In contrast guppies seem to flutter happily about most tank scenarios (as long as tankmates are compatible) & an all male trio would provide color & movement


----------



## sonicninja (27 Feb 2018)

So far all is well. They’ve finally stopped hiding but haven’t got they’re colour back. Not sure if it’s typical of these fish but they are very thin indeed, and I think quite young. One of the six is definitely missing presumed dead although when I drip acclimatised them I did notice a very sad looking individual so I didn’t expect him to survive. They seem to be doing well with the co2 injection rate but I’ve had to turn down the eheim liberty flow a little as they were struggling a little. Hopefully it won’t affect my plants too much!
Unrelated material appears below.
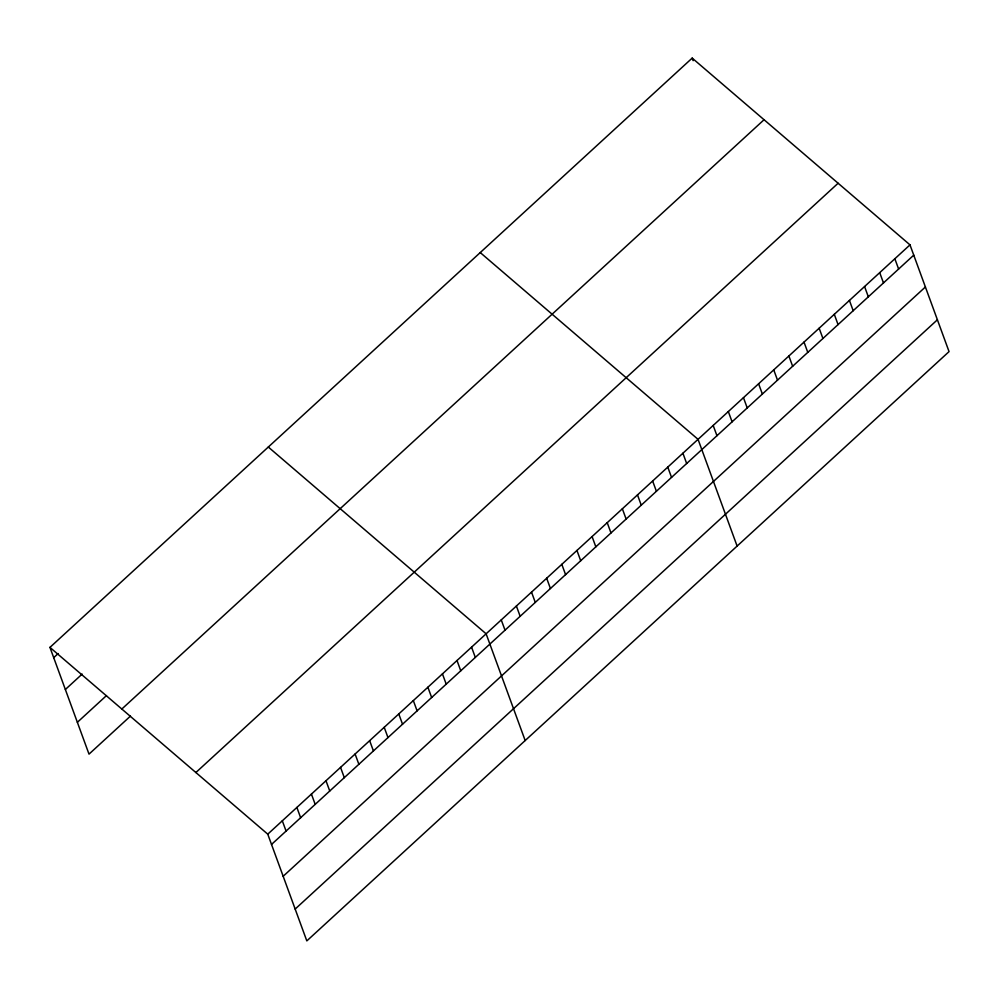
<?xml version="1.0" encoding="UTF-8"?>
<svg xmlns="http://www.w3.org/2000/svg" width="999" height="999" viewBox="0 0 999 999"><rect width="100%" height="100%" fill="white"/><g stroke="black" fill="none" stroke-linecap="round" stroke-linejoin="round"><path stroke-width="1.5" d="M49.95 647.389L692.182 58.104L909.989 244.867L949.05 351.611L306.818 940.896L267.757 834.165L49.95 647.389L89.011 754.133L130.444 716.108M53.709 657.667L58.192 653.558M65.36 689.497L82.155 674.088M77.36 722.302L106.481 695.579M121.828 709.028L764.06 119.73M195.879 772.527L838.111 183.242M267.757 834.165L909.989 244.867M271.516 844.442L913.748 255.145M283.167 876.273L925.399 286.975M295.167 909.065L937.399 319.78M480.244 252.572L698.051 439.335L737.112 546.078M268.306 447.04L486.113 633.803L525.174 740.534M894.854 258.766L898.613 269.043M879.719 272.652L883.478 282.929M864.572 286.538L868.331 296.815M849.437 300.437L853.196 310.714M834.302 314.323L838.061 324.6M819.155 328.209L822.926 338.486M804.02 342.108L807.779 352.385M692.182 58.104L693.119 60.664M788.885 355.994L792.644 366.271M773.75 369.88L777.509 380.169M758.603 383.778L762.374 394.056M743.468 397.664L747.227 407.942M728.333 411.551L732.092 421.84M713.186 425.449L716.957 435.726M682.916 453.234L686.675 463.511M667.782 467.12L671.54 477.397M652.634 481.006L656.405 491.283M637.499 494.905L641.258 505.182M622.365 508.791L626.123 519.068M607.23 522.677L610.988 532.954M592.082 536.575L595.841 546.853M576.947 550.461L580.706 560.739M561.813 564.348L565.571 574.625M546.665 578.246L550.437 588.523M531.53 592.132L535.289 602.409M516.396 606.018L520.154 616.308M501.261 619.917L505.019 630.194M471.565 647.165L475.324 657.442M457.005 660.514L460.764 670.804M442.445 673.875L446.203 684.153M427.884 687.237L431.655 697.514M413.336 700.586L417.095 710.876M398.776 713.948L402.535 724.225M384.215 727.309L387.974 737.587M369.655 740.659L373.426 750.936M355.107 754.02L358.866 764.297M340.547 767.382L344.305 777.659M325.986 780.731L329.745 791.008M311.426 794.093L315.197 804.37M296.878 807.454L300.637 817.731M282.317 820.803L286.076 831.081"/></g></svg>

Sent from my iPhone using Tapatalk Pro


----------



## a1Matt (27 Feb 2018)

They'll probably be fine with the flow once they've got fatter and fitter.

Frozen baby brine shrimp is the best thing I've found for feeding up tiny mouths fast. (Bear in mind I'm too lazy to culture foods.)


----------



## sciencefiction (28 Feb 2018)

As long as they have good food and good water, they'll colour up eventually. It may take a couple of weeks.


----------



## sonicninja (28 Feb 2018)

I’ve got some nano dry food but it all sinks before they realise what’s going on! 


Sent from my iPhone using Tapatalk Pro


----------



## tam (28 Feb 2018)

Put a teeny bit in at a time, let them gather and then trickle it in. Pinching it between your fingers and rubbing them together so a tiny bit drops at a time. You could see if your LFS sells live daphnia - check the size though it will need to be very small.


----------



## Kalum (28 Feb 2018)

try turning off the filter while feeding, pellets i use float when i do this but sink straight away with filter on


----------



## sonicninja (28 Feb 2018)

Thanks for the tip. I turned the filter off and crushed some of the nano food up and they had a good feed. 


Sent from my iPhone using Tapatalk Pro


----------